Но мне, естественно, никто не ответил.
«Понимаешь ли, мое восприятие нашего мира сильно изменилось. В какой-то момент я ощутил серьезные нелады с ним. Что мне оставалось? Допустим, я закончу книгу. Что дальше? Начать ‘‘хождение по мукам’’ – по издательствам, выслушивание про себя всяческого... Не уверен, что мне это нужно...»
– Да уж, с твоей тонкой душевной организацией, будь она... – сказал я вслух. – Костик, не остри так. Не надо...
«И вот я подумал: если эта скотина (любимая мною скотина, прошу заметить!) Князев может – оттуда-сюда, что мне мешает...

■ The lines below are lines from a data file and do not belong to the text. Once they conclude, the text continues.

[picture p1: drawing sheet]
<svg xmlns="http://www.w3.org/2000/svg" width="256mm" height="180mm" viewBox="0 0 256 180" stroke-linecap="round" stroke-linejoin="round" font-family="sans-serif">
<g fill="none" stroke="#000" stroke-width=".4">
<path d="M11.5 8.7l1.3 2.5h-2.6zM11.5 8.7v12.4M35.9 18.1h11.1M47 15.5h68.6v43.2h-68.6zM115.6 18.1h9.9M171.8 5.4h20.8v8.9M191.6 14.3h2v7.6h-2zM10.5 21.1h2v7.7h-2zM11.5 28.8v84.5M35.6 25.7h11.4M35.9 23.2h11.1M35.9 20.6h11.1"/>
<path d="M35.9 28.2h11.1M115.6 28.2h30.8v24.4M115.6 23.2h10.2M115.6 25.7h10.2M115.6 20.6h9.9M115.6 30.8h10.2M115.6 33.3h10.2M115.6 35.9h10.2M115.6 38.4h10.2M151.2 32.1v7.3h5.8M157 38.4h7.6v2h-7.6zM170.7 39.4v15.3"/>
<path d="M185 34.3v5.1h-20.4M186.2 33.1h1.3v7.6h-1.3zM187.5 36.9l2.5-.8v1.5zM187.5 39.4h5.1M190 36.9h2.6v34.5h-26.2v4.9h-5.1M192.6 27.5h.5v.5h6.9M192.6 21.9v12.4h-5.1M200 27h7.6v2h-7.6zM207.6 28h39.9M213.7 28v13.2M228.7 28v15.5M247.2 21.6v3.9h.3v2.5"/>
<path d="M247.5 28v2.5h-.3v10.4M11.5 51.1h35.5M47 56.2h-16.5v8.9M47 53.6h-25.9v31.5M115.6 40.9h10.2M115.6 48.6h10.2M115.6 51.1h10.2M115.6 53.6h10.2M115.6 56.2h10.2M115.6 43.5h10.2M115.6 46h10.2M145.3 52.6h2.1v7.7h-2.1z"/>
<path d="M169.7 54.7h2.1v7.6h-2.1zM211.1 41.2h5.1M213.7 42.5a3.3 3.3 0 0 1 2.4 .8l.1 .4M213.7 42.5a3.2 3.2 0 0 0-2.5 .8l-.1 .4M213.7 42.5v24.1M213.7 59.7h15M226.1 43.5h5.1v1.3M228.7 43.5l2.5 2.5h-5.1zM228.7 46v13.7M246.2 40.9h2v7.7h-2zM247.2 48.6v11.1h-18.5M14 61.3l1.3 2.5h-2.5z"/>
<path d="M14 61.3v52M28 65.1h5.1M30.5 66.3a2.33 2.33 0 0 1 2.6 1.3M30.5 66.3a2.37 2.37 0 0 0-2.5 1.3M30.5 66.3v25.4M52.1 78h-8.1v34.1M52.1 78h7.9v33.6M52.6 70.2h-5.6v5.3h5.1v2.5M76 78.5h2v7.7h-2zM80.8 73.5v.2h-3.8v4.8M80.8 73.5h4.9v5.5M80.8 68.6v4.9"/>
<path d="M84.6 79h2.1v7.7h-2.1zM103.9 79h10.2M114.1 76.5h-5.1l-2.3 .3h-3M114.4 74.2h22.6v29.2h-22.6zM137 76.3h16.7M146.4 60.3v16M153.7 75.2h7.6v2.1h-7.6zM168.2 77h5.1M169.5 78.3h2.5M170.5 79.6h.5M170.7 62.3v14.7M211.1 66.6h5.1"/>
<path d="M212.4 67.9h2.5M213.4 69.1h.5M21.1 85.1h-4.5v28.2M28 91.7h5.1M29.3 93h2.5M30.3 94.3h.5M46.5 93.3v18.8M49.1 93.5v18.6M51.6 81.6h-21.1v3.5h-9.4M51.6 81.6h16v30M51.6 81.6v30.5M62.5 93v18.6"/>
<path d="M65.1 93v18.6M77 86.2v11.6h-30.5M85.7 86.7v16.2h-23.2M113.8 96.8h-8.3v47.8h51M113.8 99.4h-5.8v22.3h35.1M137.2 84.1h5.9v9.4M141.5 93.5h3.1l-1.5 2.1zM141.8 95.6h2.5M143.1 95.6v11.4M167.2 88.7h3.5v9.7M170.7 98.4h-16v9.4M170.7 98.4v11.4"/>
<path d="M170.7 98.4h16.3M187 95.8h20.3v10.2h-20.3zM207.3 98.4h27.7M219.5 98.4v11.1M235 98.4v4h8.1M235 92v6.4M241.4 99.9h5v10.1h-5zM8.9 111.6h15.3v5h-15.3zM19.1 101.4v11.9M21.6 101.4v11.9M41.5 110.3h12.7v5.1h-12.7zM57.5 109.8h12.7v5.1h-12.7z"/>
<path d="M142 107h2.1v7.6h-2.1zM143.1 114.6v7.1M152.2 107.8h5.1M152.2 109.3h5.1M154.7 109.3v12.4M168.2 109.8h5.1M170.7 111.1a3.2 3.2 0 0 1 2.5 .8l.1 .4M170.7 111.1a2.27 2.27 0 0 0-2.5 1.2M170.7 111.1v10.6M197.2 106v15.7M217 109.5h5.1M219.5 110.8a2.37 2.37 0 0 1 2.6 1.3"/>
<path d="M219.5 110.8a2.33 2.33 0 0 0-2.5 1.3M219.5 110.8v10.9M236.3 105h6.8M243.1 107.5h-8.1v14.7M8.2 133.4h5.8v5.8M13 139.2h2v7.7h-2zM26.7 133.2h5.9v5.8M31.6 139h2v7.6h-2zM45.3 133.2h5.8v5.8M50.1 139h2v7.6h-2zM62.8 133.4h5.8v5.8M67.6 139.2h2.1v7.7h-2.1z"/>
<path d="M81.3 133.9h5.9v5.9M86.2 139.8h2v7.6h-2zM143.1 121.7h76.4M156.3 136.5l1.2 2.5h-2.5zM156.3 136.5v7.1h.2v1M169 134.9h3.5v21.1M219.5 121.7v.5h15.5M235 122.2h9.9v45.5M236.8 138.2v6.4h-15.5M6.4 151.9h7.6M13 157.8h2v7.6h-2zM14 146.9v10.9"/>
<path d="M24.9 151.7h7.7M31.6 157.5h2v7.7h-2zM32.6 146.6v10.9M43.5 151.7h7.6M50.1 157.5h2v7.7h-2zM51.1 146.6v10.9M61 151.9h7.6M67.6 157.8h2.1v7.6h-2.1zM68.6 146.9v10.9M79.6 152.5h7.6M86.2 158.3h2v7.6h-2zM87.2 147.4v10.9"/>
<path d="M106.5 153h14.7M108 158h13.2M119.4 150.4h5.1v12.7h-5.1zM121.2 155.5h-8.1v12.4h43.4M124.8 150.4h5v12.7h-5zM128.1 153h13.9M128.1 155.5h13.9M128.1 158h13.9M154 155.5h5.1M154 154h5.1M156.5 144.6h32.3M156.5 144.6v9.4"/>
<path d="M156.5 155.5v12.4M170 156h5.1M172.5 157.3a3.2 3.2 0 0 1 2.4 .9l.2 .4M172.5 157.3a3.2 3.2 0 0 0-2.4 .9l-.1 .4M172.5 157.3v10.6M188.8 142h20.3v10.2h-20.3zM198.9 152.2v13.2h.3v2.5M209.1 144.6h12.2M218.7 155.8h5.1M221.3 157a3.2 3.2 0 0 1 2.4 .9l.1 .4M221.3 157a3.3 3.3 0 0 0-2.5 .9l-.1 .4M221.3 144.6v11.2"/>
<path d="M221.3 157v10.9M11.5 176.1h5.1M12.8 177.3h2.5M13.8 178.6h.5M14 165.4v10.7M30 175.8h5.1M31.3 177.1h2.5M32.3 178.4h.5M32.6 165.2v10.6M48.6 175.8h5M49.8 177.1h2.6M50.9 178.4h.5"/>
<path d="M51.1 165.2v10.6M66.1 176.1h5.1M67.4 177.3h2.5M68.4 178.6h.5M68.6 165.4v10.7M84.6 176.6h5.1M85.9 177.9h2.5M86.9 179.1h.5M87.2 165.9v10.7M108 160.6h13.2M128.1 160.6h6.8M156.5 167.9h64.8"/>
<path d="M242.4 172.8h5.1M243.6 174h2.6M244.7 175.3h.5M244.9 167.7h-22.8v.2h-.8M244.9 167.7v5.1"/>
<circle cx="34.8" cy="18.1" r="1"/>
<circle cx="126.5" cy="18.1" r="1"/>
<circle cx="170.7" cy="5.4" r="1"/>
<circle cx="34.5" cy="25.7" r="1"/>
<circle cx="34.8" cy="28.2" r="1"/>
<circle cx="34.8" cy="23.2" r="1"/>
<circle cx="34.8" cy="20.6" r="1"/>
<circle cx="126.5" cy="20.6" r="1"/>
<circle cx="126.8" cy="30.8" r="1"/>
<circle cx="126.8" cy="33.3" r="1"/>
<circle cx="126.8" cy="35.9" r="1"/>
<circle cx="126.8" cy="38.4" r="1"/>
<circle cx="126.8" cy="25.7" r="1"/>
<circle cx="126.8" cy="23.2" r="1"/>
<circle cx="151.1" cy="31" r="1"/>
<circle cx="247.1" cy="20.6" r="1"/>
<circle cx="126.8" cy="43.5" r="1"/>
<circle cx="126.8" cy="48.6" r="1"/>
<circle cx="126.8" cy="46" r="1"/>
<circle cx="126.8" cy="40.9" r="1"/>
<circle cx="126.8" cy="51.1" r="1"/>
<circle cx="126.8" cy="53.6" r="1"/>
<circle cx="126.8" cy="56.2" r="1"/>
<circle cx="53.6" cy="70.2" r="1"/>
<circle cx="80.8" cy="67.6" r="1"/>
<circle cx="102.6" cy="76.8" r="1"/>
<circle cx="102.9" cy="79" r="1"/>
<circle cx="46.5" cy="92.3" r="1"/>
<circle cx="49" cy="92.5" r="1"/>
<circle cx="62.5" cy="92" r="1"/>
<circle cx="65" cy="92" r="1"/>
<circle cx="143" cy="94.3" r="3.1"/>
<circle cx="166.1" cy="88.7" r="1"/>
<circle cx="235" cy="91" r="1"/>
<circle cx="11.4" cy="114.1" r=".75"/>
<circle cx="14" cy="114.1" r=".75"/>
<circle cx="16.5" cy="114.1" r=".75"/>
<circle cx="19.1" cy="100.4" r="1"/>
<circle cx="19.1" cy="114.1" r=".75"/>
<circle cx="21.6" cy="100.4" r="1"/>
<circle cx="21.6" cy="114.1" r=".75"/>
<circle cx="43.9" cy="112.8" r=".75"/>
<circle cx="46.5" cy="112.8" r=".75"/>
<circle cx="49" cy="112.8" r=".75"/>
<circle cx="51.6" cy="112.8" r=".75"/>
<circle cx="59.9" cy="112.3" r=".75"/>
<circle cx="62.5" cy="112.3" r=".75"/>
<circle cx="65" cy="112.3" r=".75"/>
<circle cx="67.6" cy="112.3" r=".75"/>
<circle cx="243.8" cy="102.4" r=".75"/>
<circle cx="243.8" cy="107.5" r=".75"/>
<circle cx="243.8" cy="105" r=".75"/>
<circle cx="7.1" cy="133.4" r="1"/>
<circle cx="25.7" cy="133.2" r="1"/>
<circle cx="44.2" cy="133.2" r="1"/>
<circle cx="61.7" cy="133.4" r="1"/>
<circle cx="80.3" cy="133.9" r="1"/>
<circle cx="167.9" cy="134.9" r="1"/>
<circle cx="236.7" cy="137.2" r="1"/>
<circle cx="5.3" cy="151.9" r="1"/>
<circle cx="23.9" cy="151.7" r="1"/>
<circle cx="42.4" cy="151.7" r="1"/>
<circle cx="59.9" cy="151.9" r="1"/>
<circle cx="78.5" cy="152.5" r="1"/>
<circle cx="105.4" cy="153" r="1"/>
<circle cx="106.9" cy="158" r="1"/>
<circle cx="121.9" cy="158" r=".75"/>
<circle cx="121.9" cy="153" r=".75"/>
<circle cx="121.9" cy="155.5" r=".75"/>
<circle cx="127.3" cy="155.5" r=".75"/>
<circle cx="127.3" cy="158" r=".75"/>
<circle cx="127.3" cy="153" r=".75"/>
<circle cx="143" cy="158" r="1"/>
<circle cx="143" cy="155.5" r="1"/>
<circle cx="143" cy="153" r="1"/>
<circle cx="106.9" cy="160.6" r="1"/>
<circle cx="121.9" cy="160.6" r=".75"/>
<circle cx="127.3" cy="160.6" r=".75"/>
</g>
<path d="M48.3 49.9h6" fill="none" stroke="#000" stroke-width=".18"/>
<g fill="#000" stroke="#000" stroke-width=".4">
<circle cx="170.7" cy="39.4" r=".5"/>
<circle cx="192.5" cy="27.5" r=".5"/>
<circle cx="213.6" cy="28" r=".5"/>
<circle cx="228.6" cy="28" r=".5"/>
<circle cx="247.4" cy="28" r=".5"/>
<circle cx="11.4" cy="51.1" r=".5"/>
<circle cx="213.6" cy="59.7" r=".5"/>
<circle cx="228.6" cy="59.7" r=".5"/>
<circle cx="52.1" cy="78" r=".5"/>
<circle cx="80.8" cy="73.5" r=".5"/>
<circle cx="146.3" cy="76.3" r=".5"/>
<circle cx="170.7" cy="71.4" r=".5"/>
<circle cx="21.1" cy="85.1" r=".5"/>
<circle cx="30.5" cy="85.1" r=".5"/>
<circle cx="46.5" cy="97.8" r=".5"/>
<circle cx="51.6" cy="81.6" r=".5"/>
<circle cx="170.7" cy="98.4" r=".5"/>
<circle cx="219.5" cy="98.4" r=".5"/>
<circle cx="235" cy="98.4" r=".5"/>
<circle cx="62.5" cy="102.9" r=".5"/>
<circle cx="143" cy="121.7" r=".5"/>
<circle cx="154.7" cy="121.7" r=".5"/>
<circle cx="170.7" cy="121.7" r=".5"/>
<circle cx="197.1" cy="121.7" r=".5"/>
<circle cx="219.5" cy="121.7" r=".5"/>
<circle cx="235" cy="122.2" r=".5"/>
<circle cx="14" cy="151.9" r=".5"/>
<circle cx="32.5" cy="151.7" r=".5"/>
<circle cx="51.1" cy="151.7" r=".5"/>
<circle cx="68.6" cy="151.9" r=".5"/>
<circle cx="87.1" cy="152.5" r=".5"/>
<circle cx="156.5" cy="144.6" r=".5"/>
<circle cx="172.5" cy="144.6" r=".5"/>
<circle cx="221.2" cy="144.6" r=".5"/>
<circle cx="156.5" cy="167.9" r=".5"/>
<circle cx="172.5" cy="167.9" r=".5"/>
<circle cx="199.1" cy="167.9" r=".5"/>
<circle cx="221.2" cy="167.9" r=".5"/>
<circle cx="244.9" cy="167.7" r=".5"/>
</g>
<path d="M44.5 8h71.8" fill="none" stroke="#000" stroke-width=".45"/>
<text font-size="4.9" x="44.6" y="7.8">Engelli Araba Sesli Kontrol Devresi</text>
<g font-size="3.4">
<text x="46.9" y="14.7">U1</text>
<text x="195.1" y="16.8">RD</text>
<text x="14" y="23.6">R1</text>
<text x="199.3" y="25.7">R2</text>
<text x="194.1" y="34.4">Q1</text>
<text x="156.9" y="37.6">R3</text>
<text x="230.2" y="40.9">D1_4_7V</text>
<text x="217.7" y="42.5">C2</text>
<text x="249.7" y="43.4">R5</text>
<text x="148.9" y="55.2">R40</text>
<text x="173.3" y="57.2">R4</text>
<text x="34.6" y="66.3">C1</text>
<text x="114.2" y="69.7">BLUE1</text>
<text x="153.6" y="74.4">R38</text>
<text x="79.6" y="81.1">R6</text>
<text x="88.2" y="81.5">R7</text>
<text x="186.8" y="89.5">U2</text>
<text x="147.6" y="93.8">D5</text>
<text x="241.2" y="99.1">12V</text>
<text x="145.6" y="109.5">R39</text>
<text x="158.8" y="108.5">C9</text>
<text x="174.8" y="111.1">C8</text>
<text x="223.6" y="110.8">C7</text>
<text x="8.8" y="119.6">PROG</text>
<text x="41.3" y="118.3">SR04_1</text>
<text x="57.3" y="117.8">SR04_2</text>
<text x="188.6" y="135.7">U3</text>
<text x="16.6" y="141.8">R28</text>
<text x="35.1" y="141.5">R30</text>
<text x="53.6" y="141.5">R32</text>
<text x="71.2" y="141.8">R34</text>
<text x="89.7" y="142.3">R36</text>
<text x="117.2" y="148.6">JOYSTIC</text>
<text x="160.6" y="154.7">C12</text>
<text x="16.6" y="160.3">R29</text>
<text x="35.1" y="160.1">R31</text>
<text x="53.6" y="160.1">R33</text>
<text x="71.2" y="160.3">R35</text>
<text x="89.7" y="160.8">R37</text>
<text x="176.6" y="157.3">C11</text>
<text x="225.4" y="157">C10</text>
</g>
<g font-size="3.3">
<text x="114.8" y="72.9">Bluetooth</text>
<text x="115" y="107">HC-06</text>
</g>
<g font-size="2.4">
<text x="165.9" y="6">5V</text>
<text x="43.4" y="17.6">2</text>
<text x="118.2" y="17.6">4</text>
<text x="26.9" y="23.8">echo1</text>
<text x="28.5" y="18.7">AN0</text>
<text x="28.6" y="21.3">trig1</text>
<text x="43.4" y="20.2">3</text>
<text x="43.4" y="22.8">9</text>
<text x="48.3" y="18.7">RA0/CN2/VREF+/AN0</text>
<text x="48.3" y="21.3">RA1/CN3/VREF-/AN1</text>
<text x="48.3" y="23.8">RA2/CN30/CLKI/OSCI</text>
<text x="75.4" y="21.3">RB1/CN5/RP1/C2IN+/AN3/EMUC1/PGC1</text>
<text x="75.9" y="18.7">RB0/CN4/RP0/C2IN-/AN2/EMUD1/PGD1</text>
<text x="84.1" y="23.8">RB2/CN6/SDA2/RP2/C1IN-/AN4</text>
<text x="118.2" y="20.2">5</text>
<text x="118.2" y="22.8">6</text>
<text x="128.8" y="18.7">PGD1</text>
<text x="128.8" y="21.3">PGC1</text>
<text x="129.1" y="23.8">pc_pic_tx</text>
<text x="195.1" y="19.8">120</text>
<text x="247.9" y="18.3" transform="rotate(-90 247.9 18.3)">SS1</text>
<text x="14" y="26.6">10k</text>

Лекс, ведь если расставить все точки: здесь меня ничто не держит. Мне здесь плохо, неуютно. И там – хуже не будет наверняка. Здесь я устал от себя, затворника, если можно так выразиться, внешнего и внутреннего. А там – мир, который я создал. Понимаешь? Я. Он мой, и, пусть это эгоистично звучит, – для меня в первую очередь предназначен. В этом мое собственное ‘‘правдоподобие невероятного’’, по меткому выражению первого неглупого человека.
Итак, мой мир создан. Осталось нанести последние штрихи в сюжете. Князев должен был умереть. И Стас тоже. А Ольга... Я писал открытый финал. Какой он теперь, я и сам не очень понимаю. Радует меня одно: ни один, даже самый мощный издатель, никогда и ни за что не заставит меня переделать концовку. Просто не сумеет. С точки зрения автора, роман идеален, включая финал, – так и передай им всем».
Я задохнулся от такой наглости.
– Что?! Что сделай?!
«Собственно, ты прочтешь его сам и все поймешь.
Переходим к главному...»
В кармане моей куртки зазвонил мобильный. Я отложил письмо, поднялся, вышел в коридор и достал телефон. Звонила София.
– Слушаю.
– Не заставляй меня думать то, что я думаю.
– Так ты уже думаешь... Я у Кости. Пожалуйста, не волнуйся... Тут небольшая проблема. Возможно, я сегодня не приеду.
– Он болен?
– Знаешь, Софи, – сказал я честно, – все гораздо хуже. Не дергай меня. Я сам перезвоню.
Я разъединился и выключил телефон.
«...главному для меня. Я заранее смиренно соглашаюсь с любым твоим решением, Лекс, тем более, что переубедить тебя не могу. Штука в том, что дверь открывается только в одну сторону – по крайней мере, для меня. И решение принимается единожды».
Я снова отложил письмо и уставился в окно.
Значит все правда. Не мистификация, не обман, не актерские шутки. Для кого-то дверь свободно открывалась в обе стороны в любое время. Но создатель мира ограничен рамками.
Его дверь открылась лишь в одну сторону.
«О чем это я? Ах, да – о главном. Третий парень, не уступающий в уме первым двум, однажды заметил: "Существуют три главные трудности литературной карьеры: написать книгу, которая стоила бы напечатания, найти человека для ее издания, а затем – мыслящих людей для чтения ее"[5]. Наверное, у него были проблемы, аналогичные моим (тут ты можешь представить, что я хихикаю...).
Итак, первая трудность решена (извини мне отсутствие самокритичности), с последней – как судьба распорядится. Надеюсь, что в нашем обществе фанатов беллетристики с нечеловеческим лицом найдется два-три персонажа, которые захотят купить мой роман.
А вот третью трудность, наитруднейшую, я хотел бы взвалить на твои хрупкие плечи, Лекс».